## Task goal
Across the entries below, work out how many lines contain "this". Respond with the number and no other text.

## Data to process
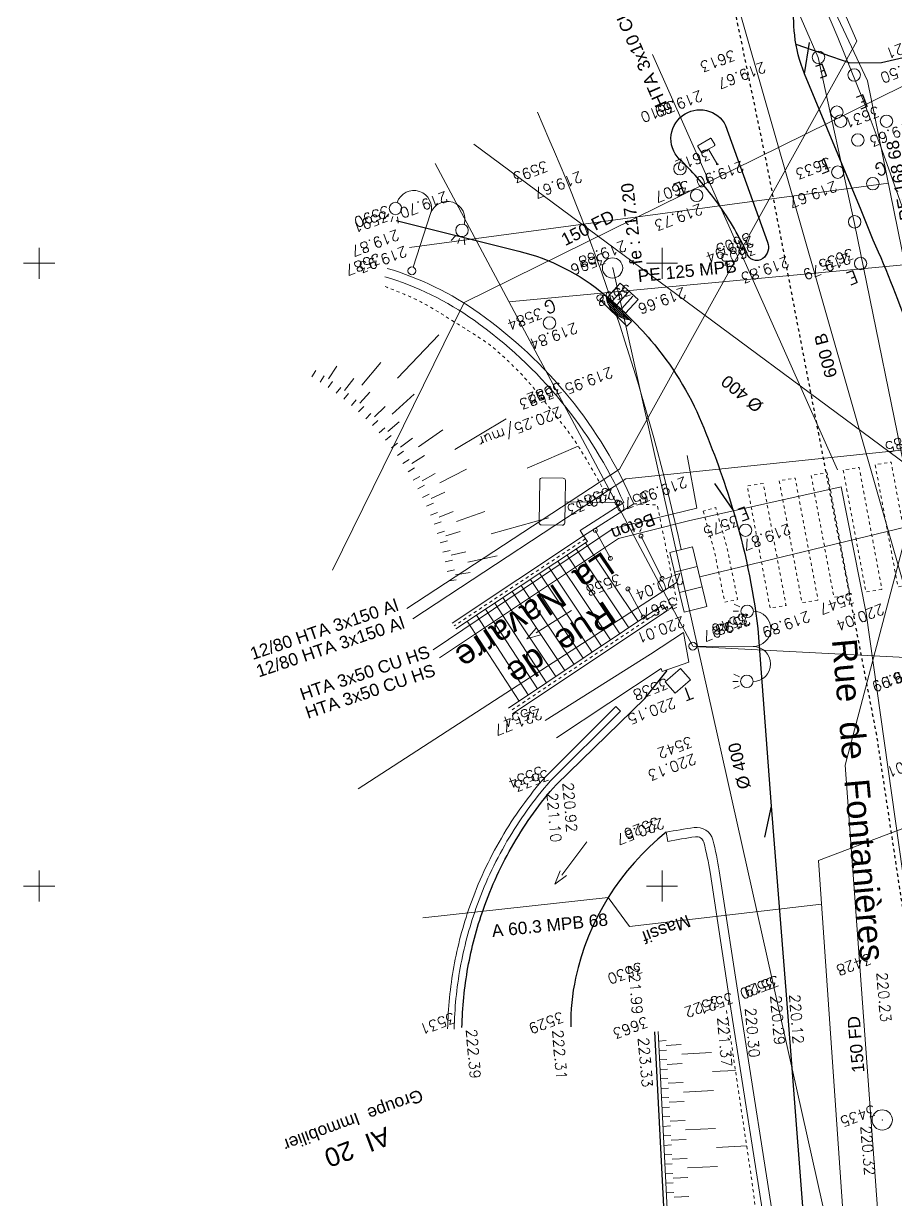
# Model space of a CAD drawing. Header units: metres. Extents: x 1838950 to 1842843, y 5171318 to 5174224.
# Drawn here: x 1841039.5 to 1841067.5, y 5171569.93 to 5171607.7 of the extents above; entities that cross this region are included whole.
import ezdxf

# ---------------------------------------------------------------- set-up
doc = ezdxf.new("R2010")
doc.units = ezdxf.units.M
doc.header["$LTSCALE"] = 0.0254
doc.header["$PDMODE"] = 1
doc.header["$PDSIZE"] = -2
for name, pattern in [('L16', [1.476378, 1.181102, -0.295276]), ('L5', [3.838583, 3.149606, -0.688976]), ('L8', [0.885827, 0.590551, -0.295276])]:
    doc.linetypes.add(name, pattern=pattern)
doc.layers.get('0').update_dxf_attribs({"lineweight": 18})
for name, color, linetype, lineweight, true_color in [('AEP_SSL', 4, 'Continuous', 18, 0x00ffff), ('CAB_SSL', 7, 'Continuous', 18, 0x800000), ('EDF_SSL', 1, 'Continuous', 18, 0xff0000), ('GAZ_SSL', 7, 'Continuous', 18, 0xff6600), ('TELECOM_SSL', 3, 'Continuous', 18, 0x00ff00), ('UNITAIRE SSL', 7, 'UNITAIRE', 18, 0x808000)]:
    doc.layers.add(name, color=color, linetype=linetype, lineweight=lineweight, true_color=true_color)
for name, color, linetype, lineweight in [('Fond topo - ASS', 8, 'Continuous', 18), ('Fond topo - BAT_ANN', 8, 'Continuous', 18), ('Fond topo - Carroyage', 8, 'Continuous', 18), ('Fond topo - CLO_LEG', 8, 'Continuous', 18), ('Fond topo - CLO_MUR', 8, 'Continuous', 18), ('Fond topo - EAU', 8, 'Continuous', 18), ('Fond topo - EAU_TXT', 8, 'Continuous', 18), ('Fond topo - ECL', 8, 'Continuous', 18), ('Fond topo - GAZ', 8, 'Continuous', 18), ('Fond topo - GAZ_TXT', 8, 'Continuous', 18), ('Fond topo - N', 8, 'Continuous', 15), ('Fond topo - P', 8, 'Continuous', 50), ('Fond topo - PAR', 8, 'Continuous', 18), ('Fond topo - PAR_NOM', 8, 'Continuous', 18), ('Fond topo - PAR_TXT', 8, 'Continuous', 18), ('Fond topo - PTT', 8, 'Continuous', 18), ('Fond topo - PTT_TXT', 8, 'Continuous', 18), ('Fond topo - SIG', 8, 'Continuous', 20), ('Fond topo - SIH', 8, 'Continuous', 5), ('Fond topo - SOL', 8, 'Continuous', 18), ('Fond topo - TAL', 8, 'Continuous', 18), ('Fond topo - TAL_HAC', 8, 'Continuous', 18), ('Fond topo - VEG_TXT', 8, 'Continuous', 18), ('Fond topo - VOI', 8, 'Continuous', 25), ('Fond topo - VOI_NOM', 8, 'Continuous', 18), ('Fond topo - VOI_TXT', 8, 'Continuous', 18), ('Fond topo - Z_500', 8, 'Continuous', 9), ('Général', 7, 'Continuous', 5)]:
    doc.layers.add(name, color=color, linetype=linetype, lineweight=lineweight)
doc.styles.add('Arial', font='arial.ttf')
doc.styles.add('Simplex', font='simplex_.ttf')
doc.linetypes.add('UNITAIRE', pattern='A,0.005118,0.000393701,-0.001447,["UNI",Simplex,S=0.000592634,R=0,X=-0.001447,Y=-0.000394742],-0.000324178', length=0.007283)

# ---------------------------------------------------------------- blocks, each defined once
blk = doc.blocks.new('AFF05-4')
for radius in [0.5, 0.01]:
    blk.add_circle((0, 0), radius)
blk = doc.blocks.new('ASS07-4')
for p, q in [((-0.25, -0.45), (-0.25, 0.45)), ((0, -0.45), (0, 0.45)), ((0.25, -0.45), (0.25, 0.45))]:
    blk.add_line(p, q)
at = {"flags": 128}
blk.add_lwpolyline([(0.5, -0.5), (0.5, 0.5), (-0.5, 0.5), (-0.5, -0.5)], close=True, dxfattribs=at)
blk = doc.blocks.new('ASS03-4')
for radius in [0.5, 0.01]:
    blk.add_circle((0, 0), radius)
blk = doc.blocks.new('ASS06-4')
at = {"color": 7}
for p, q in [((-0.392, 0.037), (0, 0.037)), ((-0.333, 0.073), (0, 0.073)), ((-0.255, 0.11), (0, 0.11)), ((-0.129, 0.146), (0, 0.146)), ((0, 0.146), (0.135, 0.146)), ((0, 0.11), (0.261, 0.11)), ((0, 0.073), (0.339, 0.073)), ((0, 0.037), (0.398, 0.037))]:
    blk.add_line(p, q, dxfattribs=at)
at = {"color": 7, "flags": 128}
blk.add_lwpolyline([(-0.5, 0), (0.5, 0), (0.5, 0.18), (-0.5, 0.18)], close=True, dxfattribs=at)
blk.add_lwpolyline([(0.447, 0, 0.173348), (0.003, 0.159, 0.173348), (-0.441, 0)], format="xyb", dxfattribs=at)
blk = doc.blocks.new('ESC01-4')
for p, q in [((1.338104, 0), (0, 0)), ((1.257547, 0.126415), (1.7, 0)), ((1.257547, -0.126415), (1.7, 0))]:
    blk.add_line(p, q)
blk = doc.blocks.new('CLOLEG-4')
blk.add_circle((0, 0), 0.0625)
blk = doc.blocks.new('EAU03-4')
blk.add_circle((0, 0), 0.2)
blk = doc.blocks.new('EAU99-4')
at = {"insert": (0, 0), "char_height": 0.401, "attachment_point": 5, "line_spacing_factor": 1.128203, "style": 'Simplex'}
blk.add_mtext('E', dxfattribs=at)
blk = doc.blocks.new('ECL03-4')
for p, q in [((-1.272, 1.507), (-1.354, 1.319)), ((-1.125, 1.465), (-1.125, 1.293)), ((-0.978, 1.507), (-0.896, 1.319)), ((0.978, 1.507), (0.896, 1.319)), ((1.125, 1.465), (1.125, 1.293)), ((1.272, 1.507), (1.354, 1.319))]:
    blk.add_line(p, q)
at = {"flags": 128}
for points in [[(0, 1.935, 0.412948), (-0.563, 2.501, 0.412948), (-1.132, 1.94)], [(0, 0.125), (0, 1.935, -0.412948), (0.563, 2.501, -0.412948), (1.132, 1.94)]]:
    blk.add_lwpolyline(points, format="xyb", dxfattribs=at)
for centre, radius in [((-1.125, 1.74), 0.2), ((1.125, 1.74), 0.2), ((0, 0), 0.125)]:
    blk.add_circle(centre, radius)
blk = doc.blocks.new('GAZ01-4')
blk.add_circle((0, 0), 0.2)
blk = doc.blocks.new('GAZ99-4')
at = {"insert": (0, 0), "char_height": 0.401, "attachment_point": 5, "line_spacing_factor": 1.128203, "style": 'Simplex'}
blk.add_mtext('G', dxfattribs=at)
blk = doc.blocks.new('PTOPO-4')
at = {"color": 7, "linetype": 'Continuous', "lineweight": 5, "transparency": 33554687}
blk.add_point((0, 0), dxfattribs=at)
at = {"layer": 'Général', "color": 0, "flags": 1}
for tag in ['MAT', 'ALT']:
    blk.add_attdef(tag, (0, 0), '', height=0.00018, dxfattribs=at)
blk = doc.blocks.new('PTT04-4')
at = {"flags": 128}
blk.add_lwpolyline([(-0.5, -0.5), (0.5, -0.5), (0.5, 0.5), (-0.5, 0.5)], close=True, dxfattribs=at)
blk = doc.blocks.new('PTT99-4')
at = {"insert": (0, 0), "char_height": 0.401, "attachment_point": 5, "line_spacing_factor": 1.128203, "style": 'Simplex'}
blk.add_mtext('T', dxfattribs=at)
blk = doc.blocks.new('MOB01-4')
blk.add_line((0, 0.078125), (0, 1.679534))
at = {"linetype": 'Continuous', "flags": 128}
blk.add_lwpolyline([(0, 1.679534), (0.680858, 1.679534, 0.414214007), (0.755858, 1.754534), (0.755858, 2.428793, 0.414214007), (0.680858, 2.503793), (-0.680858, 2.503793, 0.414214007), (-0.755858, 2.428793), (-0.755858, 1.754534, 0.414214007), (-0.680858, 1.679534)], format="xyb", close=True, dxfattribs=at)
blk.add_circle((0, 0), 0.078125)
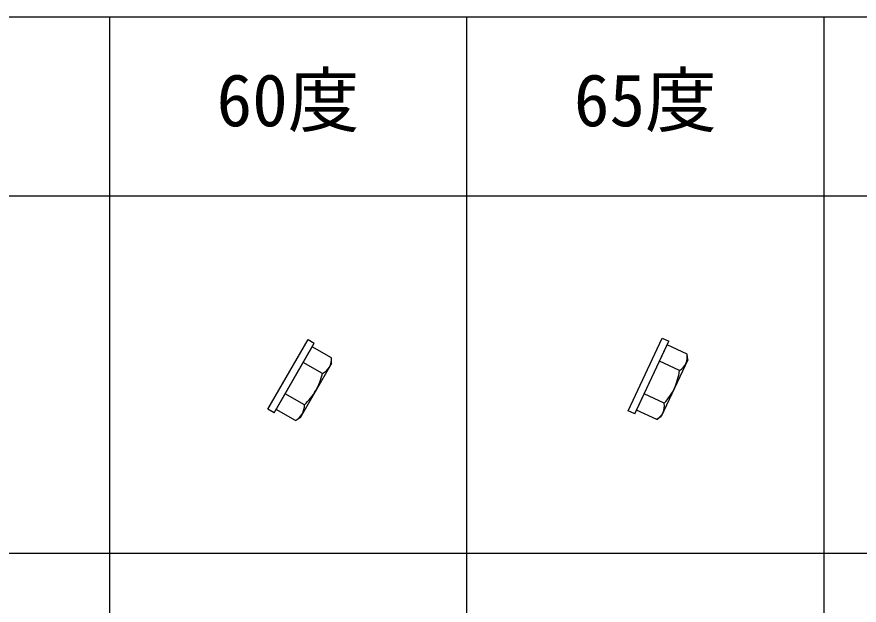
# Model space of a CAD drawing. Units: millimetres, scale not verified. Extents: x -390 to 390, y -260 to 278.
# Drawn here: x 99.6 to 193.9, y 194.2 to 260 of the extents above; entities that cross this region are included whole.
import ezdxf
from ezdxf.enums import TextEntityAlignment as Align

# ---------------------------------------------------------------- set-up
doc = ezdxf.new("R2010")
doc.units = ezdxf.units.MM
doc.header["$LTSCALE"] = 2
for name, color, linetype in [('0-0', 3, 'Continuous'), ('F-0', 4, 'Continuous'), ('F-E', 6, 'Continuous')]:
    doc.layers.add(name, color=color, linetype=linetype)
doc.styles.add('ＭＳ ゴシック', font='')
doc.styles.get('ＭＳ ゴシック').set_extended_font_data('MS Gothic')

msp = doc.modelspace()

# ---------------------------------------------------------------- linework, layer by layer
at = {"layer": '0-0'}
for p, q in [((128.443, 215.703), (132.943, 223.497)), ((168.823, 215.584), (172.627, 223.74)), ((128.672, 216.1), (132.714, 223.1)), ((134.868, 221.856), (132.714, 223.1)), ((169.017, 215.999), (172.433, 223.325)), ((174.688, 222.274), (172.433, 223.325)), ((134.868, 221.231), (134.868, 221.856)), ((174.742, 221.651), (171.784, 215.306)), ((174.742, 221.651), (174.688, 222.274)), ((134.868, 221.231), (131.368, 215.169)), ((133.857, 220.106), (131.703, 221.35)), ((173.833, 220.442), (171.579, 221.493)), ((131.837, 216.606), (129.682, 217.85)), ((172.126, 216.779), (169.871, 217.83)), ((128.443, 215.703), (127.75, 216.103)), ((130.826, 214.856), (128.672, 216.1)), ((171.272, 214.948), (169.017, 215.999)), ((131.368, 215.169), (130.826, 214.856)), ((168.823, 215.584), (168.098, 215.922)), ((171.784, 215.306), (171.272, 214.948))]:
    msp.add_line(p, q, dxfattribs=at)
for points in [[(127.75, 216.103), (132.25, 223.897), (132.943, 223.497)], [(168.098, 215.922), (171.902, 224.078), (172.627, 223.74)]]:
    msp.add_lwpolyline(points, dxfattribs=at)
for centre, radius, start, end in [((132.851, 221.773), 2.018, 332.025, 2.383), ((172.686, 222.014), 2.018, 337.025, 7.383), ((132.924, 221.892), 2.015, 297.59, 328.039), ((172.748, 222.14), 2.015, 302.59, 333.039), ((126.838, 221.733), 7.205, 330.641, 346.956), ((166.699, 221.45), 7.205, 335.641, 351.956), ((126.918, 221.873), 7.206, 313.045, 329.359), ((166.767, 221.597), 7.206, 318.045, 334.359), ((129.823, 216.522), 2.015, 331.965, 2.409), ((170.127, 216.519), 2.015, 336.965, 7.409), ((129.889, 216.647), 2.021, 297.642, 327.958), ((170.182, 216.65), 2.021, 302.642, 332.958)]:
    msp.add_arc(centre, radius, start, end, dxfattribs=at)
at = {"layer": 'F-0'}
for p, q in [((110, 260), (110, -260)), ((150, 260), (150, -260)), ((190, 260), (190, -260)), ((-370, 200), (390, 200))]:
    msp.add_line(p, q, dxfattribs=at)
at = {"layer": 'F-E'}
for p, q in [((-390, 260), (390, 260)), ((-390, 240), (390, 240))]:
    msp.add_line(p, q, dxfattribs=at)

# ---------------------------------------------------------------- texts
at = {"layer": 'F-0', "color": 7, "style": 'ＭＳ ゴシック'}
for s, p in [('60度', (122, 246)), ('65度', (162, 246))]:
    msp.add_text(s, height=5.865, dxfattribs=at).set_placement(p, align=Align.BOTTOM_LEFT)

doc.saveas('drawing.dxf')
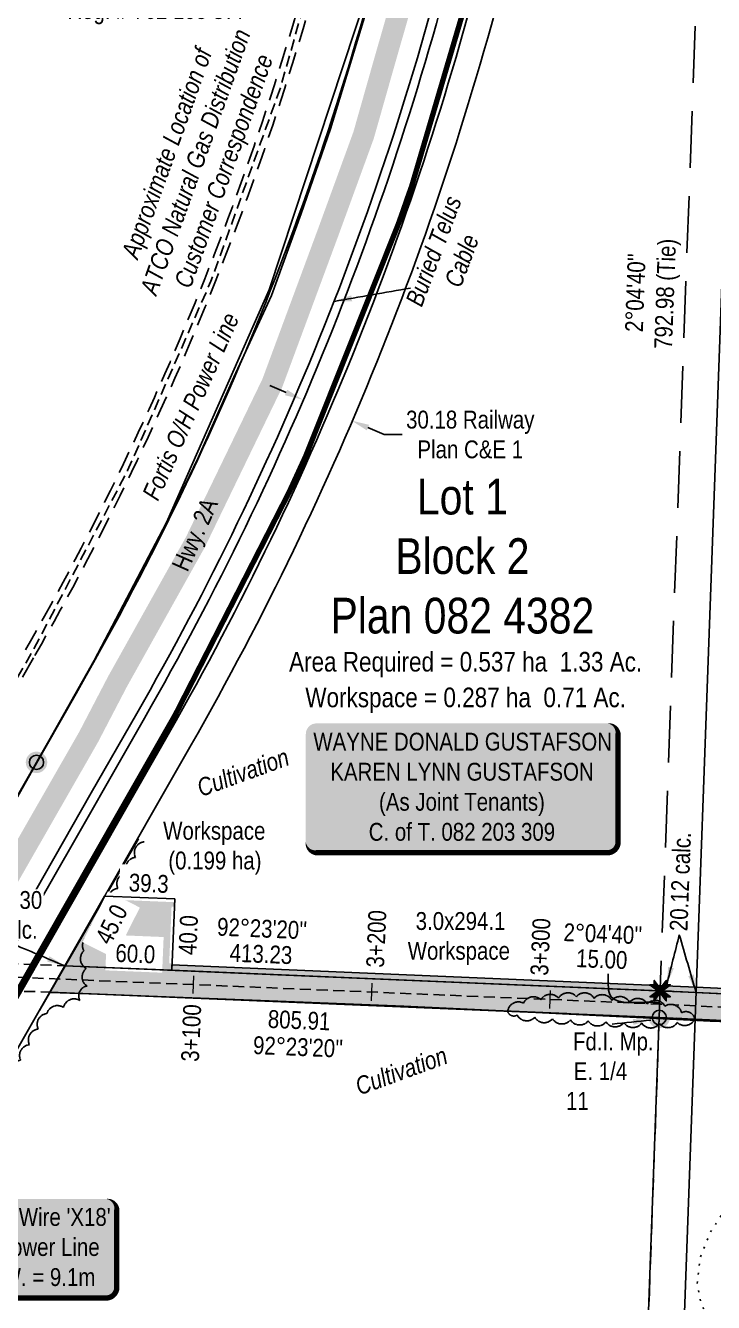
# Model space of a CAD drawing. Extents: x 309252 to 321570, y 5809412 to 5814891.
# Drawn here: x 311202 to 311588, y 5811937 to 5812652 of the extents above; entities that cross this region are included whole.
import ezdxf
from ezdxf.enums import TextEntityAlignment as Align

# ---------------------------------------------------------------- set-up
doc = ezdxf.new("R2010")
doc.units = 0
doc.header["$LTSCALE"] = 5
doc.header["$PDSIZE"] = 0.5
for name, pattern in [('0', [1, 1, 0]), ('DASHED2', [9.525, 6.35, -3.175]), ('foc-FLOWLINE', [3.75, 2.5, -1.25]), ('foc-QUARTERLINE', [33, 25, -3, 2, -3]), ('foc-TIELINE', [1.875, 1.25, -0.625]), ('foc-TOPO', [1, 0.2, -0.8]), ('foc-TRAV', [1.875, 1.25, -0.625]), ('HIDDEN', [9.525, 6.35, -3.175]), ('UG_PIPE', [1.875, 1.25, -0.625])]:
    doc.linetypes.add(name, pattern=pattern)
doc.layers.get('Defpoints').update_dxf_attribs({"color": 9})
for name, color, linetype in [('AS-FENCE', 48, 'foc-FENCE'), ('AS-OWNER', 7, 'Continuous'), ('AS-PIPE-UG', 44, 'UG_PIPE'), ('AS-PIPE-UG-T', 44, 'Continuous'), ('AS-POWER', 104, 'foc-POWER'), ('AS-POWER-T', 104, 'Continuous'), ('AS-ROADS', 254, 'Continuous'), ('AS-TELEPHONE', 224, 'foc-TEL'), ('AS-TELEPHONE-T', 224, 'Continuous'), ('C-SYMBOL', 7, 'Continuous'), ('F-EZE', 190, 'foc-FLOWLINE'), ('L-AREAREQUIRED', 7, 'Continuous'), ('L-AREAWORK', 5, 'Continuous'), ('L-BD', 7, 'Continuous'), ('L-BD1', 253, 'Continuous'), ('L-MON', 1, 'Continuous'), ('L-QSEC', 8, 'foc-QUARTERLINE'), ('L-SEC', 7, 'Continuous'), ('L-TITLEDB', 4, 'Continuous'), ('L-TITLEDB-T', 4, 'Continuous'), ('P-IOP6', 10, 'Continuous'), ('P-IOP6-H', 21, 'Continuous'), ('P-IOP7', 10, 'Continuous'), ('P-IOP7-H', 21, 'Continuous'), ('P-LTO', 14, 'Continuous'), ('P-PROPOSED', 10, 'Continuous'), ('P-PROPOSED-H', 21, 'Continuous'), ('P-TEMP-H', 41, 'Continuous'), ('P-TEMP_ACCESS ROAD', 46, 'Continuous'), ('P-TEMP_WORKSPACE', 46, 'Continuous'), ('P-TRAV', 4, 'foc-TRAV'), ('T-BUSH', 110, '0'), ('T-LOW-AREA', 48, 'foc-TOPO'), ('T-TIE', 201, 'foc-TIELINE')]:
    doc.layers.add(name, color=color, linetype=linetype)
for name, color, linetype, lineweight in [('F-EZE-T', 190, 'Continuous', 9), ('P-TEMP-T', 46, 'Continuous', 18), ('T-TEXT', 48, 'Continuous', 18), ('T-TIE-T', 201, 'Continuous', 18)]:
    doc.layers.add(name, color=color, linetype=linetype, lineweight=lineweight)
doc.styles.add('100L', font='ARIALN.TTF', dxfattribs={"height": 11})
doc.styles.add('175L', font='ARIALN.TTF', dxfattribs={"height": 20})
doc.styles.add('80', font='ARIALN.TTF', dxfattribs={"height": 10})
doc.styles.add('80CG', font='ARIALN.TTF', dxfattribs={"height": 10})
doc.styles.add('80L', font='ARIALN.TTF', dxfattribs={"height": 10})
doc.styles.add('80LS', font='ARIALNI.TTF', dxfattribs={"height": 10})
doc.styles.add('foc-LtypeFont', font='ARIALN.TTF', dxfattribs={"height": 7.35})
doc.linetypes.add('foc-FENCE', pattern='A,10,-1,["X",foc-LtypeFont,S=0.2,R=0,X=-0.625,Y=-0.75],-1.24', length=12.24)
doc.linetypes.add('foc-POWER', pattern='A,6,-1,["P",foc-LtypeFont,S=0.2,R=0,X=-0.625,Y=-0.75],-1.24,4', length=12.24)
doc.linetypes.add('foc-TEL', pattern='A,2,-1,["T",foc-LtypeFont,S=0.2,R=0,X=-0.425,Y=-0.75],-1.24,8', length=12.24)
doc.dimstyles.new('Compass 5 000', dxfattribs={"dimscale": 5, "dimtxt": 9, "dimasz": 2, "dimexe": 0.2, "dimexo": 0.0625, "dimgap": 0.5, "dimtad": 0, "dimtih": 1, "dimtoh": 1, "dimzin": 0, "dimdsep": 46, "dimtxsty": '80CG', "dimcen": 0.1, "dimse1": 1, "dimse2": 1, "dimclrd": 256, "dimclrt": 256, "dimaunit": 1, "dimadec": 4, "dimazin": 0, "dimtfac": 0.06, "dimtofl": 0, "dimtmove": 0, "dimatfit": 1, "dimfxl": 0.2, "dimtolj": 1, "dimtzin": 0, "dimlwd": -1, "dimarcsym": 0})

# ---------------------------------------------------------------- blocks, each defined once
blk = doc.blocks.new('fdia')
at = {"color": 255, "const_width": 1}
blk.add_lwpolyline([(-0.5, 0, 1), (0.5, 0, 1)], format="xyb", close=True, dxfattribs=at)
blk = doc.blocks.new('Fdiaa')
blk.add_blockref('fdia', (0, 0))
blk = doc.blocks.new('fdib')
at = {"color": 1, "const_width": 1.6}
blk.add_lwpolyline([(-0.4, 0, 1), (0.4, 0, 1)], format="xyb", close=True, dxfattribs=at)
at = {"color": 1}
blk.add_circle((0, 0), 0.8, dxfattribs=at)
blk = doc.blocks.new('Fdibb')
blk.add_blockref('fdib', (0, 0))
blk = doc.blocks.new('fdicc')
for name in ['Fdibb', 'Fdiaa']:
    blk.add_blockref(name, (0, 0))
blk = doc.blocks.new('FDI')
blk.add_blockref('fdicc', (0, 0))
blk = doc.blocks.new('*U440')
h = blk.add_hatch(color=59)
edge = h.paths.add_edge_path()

## Completed task
3